Notable limitations and prospective improvements include:
- Domain-Specific Augmentation: Expanded or more specialized geometry/logic datasets could address observed weaknesses.
- Iterative or Meta-RL approaches: Potential exists to further enhance sample efficiency and detail-oriented reasoning through iterative RL or adaptive reward shaping.
- Verifier-Guided Search Flaws: As revealed in (Yu et al., 1 Feb 2025), DeepSeekMath 7B exhibits scaling flaws in verifier-guided search. While verifier-based beam searches outperform random sampling at low sample budgets, their effectiveness degrades as sample size grows, due to imperfect verifier misranking and premature candidate pruning.

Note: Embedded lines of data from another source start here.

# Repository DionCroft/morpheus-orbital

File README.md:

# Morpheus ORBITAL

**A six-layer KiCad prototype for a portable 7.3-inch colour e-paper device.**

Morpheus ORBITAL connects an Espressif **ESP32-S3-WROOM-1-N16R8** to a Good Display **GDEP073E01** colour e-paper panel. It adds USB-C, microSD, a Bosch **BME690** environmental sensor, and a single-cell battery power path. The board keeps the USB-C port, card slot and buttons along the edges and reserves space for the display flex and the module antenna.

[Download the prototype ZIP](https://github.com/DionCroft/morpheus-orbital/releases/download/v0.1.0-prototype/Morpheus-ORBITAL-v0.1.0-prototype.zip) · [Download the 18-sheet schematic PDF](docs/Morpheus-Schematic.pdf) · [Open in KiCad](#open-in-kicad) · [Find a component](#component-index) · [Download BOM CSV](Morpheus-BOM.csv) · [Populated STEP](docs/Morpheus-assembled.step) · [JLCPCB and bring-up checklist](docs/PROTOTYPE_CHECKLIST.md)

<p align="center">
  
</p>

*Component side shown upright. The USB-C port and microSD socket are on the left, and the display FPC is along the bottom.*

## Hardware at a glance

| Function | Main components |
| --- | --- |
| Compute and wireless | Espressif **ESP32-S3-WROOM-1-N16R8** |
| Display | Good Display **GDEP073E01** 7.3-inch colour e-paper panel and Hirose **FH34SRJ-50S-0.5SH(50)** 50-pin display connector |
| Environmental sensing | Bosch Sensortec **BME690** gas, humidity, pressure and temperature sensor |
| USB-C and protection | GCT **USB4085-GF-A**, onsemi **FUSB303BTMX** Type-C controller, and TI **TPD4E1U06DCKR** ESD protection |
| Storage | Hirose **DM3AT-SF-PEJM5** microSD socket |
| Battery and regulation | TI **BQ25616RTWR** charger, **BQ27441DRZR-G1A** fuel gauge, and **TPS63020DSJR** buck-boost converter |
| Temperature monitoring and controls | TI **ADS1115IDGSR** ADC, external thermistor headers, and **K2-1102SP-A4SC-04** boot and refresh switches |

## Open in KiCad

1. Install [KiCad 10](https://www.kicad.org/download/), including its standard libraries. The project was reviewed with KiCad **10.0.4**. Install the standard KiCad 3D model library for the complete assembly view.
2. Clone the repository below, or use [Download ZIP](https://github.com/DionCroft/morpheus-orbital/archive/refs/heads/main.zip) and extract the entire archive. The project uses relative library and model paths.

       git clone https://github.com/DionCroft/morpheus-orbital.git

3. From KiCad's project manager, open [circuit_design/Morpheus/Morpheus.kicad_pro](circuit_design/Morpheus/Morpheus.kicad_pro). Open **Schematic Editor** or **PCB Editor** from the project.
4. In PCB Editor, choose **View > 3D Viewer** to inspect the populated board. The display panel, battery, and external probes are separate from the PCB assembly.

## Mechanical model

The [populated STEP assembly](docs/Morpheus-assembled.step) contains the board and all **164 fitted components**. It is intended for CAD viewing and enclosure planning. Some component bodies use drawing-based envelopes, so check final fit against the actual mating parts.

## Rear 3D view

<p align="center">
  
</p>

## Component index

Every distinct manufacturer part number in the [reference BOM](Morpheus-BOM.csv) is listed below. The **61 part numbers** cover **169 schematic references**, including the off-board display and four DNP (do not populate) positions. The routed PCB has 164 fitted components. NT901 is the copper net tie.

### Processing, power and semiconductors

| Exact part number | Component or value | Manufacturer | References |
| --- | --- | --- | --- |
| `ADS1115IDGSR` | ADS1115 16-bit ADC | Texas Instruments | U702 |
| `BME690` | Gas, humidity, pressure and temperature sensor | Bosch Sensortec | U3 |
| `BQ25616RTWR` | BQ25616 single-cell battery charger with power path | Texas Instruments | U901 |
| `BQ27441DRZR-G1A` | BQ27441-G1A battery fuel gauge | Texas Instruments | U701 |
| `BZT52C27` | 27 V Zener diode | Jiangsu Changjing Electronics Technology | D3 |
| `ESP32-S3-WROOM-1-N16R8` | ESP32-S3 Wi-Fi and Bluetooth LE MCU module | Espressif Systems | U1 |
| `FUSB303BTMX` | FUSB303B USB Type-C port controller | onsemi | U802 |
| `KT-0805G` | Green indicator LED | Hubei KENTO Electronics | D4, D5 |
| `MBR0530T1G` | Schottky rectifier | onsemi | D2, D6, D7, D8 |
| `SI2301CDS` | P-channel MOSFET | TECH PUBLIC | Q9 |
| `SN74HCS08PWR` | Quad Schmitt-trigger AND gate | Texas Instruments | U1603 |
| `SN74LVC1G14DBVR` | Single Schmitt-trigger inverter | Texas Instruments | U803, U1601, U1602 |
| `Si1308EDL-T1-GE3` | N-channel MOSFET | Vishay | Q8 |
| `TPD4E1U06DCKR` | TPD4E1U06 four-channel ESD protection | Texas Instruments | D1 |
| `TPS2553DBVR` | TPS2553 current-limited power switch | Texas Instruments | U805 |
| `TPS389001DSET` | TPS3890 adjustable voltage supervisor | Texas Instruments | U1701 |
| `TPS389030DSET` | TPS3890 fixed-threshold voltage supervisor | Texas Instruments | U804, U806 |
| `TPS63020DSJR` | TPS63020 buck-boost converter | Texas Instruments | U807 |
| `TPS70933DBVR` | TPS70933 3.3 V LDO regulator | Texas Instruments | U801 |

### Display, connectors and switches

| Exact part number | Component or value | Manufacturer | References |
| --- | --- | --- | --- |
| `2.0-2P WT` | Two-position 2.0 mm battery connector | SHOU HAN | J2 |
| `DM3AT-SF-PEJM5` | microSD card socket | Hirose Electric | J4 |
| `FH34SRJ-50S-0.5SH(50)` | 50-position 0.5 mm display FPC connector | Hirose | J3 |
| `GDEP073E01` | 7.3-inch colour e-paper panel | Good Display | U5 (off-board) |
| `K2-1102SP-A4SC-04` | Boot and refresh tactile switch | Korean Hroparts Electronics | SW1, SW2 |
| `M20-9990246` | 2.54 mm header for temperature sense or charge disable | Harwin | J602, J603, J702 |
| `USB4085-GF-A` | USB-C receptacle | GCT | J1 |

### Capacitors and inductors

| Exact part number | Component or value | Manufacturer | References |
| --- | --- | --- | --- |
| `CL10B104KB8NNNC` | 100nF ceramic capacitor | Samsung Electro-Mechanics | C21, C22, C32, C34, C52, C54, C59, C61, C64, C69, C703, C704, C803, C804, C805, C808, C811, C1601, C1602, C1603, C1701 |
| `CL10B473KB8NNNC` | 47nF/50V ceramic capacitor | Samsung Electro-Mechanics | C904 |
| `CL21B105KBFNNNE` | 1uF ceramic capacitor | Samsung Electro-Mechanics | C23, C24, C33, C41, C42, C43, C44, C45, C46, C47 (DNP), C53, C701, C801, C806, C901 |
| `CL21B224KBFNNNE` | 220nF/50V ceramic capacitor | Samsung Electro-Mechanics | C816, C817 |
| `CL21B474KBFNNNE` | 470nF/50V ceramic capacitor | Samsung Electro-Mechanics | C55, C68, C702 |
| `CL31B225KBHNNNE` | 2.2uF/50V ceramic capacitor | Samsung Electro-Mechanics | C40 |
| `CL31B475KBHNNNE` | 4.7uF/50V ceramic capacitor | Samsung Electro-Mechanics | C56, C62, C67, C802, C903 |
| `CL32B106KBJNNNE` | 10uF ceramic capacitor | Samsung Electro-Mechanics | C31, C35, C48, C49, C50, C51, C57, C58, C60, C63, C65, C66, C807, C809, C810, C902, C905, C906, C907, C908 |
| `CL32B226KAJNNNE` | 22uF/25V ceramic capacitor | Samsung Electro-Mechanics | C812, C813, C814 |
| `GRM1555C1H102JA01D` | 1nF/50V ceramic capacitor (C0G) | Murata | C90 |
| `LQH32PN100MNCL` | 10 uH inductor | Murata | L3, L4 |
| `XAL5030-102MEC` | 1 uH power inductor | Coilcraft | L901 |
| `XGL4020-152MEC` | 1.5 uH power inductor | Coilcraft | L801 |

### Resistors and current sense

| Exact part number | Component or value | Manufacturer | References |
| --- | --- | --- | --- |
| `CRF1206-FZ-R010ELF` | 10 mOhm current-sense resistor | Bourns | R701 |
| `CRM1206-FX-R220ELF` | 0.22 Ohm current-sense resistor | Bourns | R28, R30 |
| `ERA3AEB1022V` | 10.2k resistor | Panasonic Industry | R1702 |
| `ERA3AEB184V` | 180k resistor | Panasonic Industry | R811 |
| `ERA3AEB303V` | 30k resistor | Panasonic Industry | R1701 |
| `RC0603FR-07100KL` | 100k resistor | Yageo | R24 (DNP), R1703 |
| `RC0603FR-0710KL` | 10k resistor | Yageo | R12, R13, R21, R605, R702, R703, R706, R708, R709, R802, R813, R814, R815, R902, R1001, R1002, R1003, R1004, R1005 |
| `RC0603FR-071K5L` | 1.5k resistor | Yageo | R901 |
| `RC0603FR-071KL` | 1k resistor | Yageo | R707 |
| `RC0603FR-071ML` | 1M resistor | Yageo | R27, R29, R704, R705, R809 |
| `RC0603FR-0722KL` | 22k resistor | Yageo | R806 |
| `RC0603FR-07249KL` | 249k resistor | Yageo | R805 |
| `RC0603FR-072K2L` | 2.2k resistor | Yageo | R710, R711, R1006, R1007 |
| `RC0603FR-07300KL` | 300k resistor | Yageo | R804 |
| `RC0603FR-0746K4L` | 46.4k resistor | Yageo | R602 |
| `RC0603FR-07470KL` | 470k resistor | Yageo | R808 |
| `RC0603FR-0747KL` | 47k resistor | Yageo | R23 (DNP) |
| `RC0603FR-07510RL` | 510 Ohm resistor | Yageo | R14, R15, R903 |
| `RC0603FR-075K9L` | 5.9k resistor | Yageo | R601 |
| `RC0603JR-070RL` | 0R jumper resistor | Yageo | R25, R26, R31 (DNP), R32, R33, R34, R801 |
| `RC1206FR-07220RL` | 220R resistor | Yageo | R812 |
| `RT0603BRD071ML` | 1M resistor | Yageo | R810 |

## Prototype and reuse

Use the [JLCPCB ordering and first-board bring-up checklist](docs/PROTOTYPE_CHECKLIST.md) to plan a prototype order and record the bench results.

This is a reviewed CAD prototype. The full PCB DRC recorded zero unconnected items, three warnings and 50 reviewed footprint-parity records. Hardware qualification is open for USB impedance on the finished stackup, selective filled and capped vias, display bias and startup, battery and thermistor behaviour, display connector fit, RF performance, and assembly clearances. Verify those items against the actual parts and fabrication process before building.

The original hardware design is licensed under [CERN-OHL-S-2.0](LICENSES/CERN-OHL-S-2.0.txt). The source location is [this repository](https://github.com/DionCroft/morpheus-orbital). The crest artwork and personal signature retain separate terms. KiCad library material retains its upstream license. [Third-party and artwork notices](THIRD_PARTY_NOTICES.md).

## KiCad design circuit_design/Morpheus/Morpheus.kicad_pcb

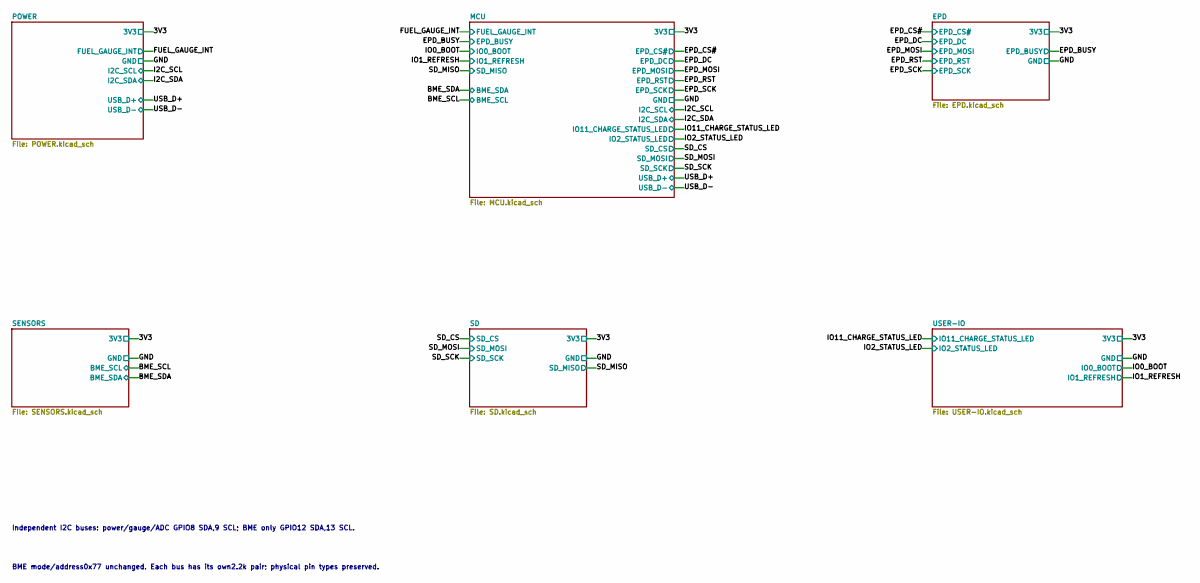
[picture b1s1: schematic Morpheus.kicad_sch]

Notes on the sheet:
Independent I2C buses: power/gauge/ADC GPIO8 SDA,9 SCL; BME only GPIO12 SDA,13 SCL.
BME mode/address0x77 unchanged. Each bus has its own2.2k pair; physical pin types preserved.

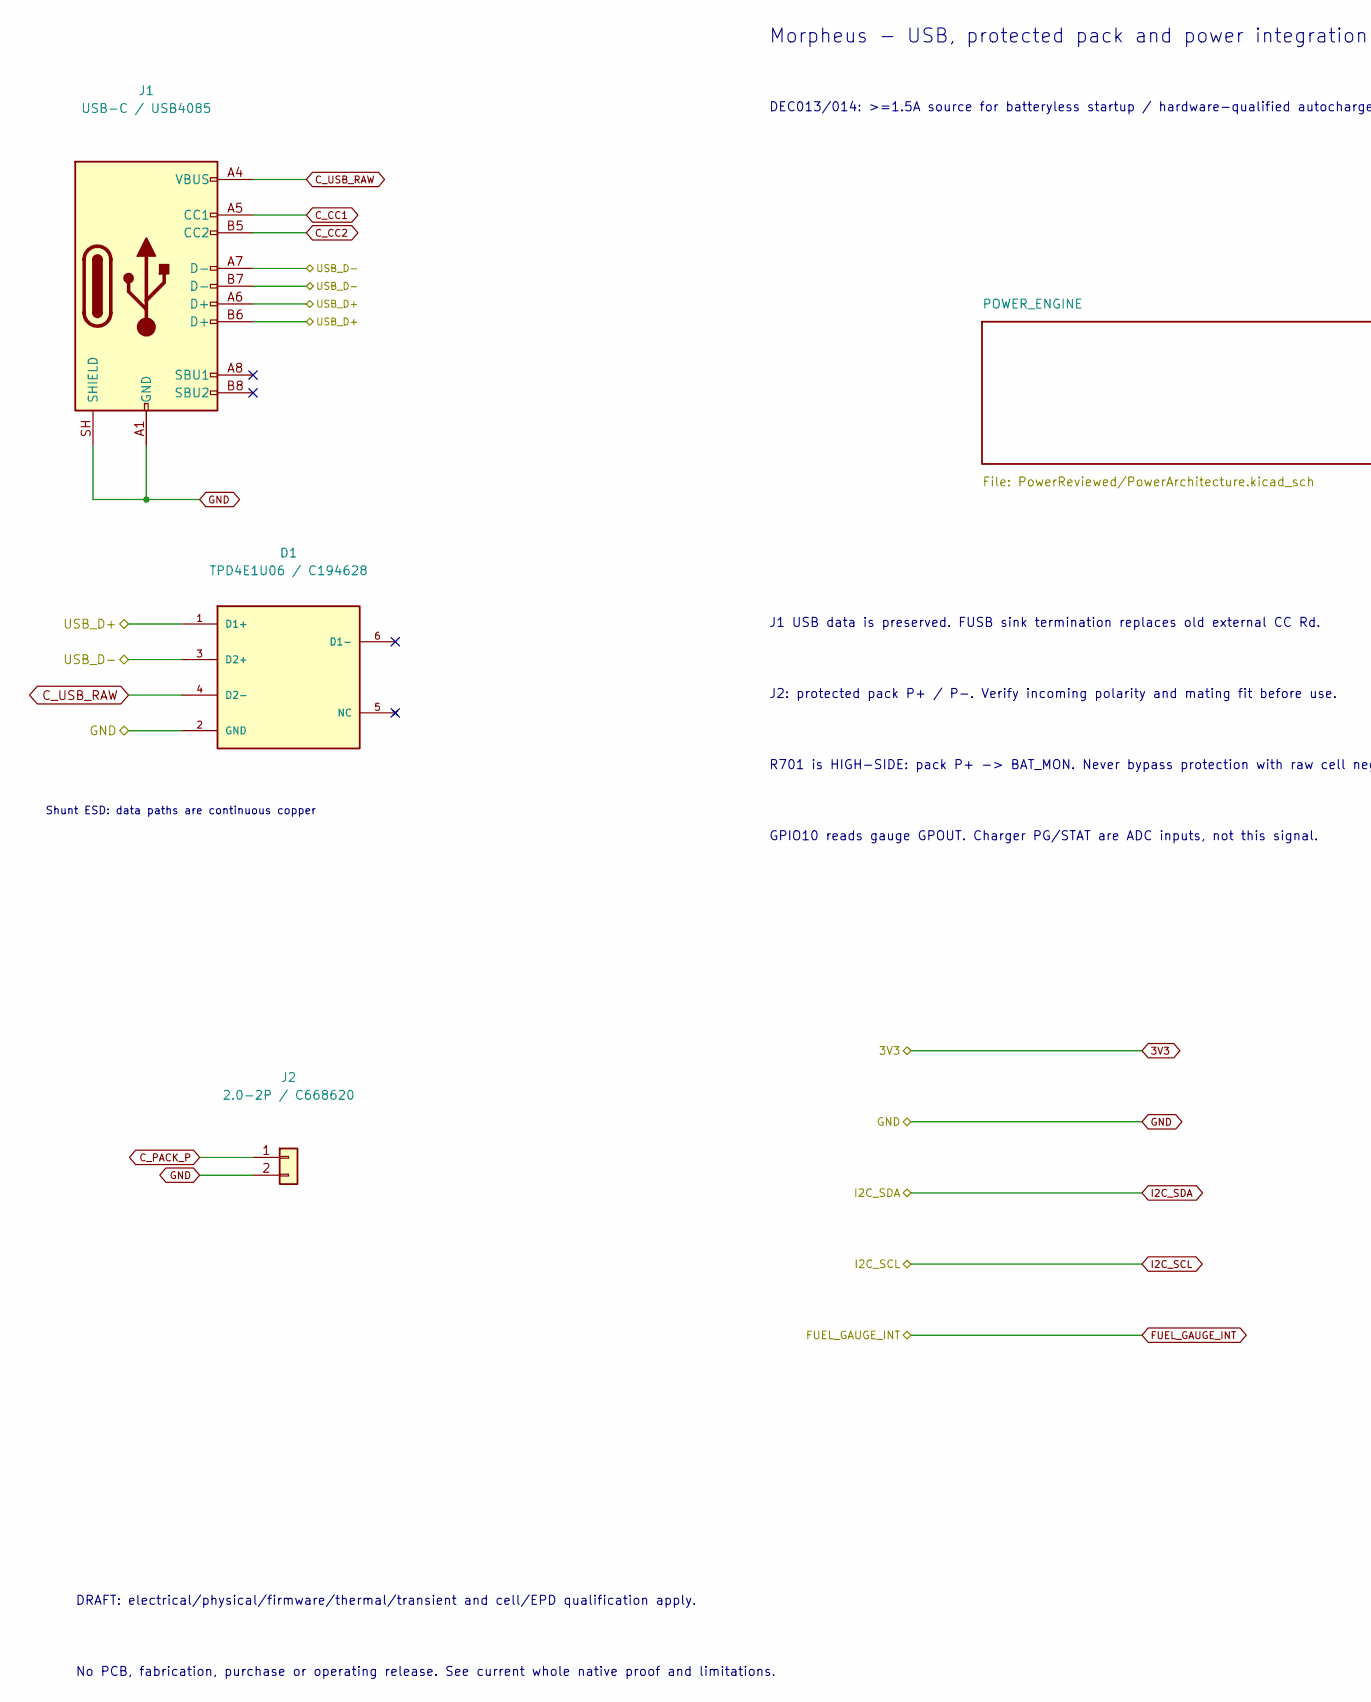
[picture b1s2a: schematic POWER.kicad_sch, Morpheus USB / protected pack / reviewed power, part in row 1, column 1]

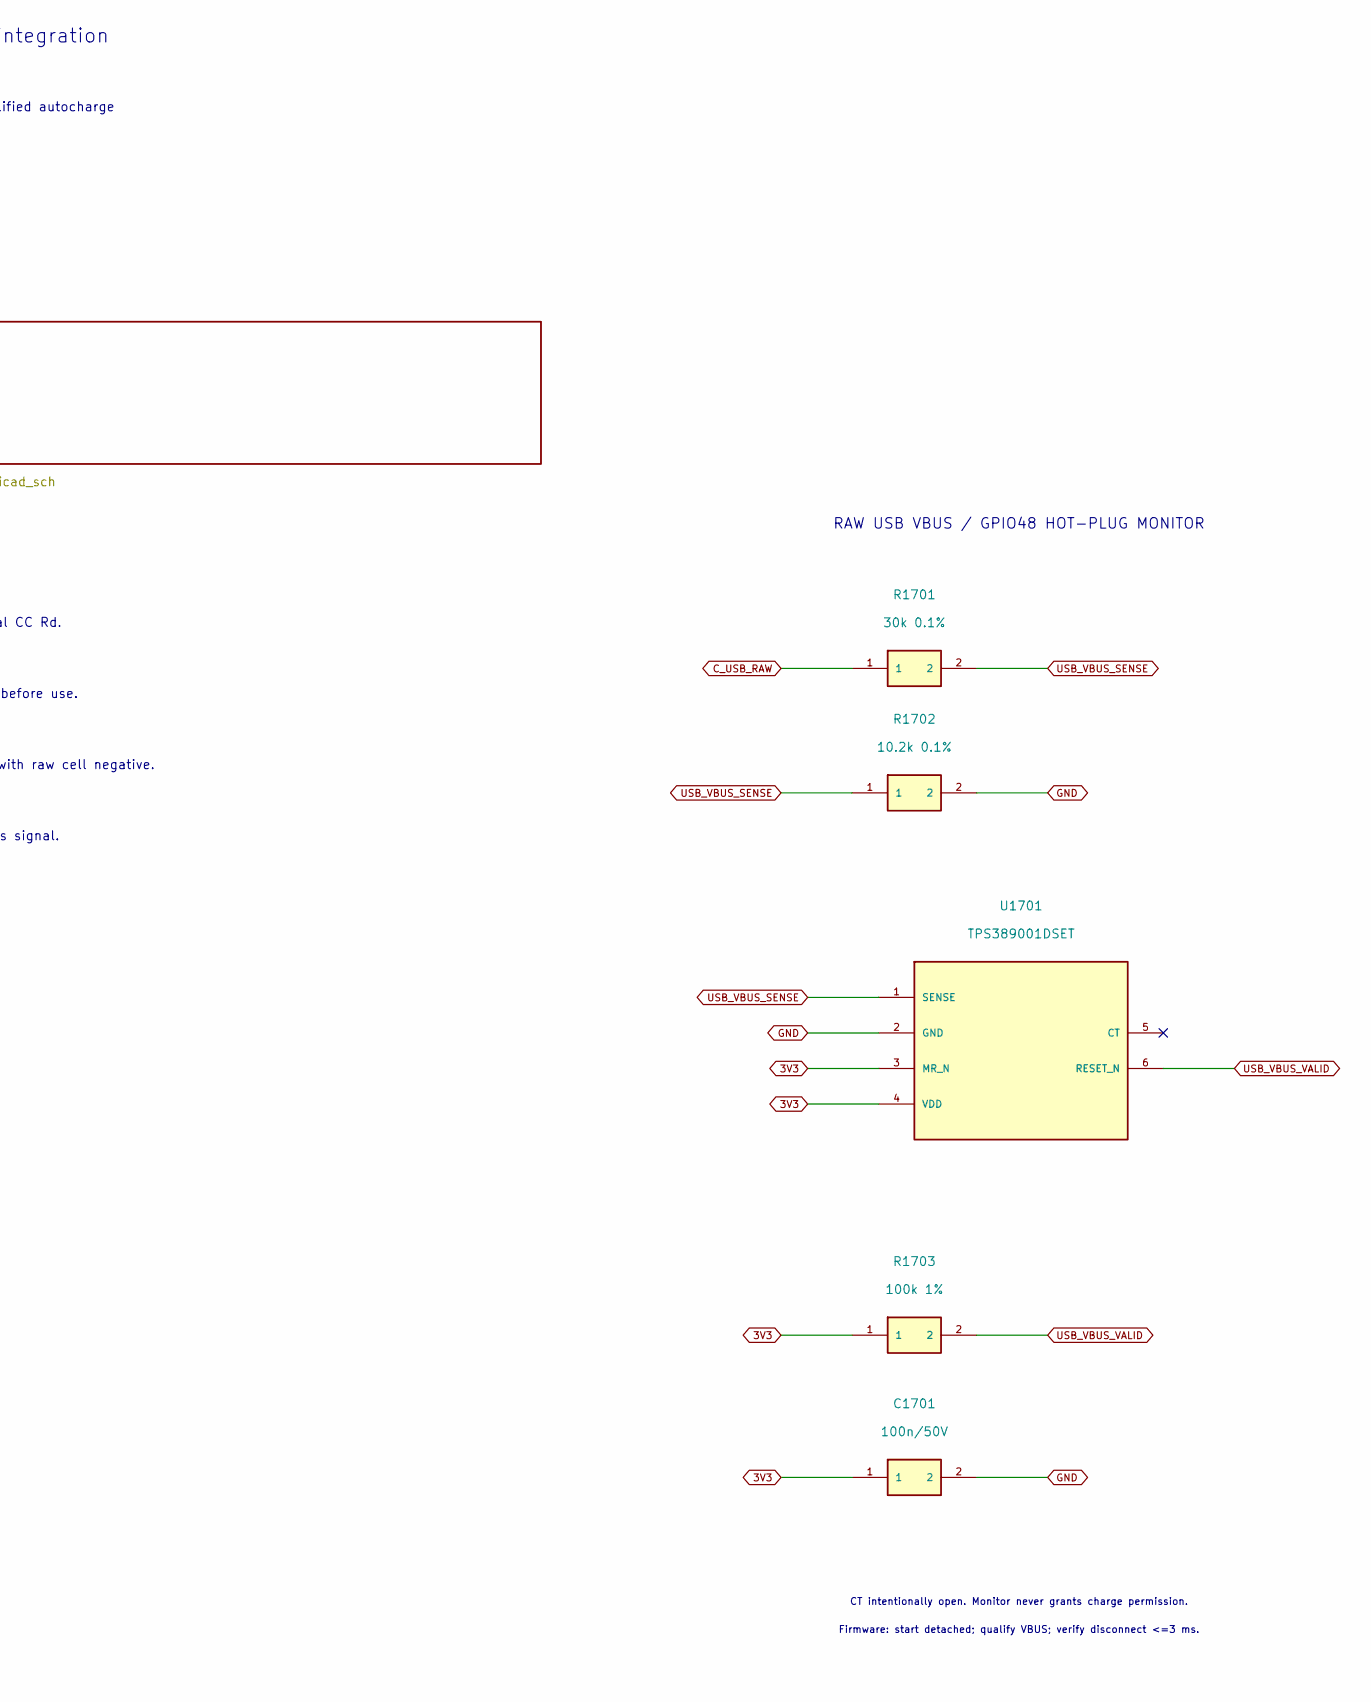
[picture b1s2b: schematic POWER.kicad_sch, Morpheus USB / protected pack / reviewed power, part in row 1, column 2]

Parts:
C1701: 100n/50V; Samsung_C0603; ManufacturerPartNumber CL10B104KB8NNNC
D1: TPD4E1U06 / C194628; TI_TPD4E1U06_DCK0006A; ManufacturerPartNumber TPD4E1U06DCKR; LCSC C194628
J1: USB-C / USB4085; USB_C_Receptacle_GCT_USB4085_GF_A; ManufacturerPartNumber USB4085-GF-A
J2: 2.0-2P / C668620; SHOU_HAN_2_0_2P_WT; ManufacturerPartNumber 2.0-2P WT; LCSC C668620
R1701: 30k 0.1%; Panasonic_ERA3A; ManufacturerPartNumber ERA3AEB303V
R1702: 10.2k 0.1%; Panasonic_ERA3A; ManufacturerPartNumber ERA3AEB1022V
R1703: 100k 1%; R_0603_1608Metric; ManufacturerPartNumber RC0603FR-07100KL
U1701: TPS389001DSET; TI_DSE0006A; ManufacturerPartNumber TPS389001DSET

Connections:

The model's use of chain-of-thought and program-of-thought instruction tuning, combined with GRPO, differentiates its optimization approach compared to approaches focusing solely on instruction-tuning or supervised data scaling.
7. Practical Applications and Impact
DeepSeekMath 7B provides a high-quality, openly accessible baseline for tasks requiring advanced mathematical reasoning, such as:
- Automated problem solving and proof generation in math education and competitions.
- Augmented scientific discovery through mathematical inference in the sciences and engineering.
- Integration with symbolic computational tools for programmatic theorem proving.
- Research environments requiring explainable, multi-step mathematical outputs, formalization, and code interleaving.
Released under an open and permissive license, DeepSeekMath 7B extends the reach of high-performance mathematical LLMing to academic research and open-source engineering, accelerating methodological progress in interpretable and tool-enabled reasoning.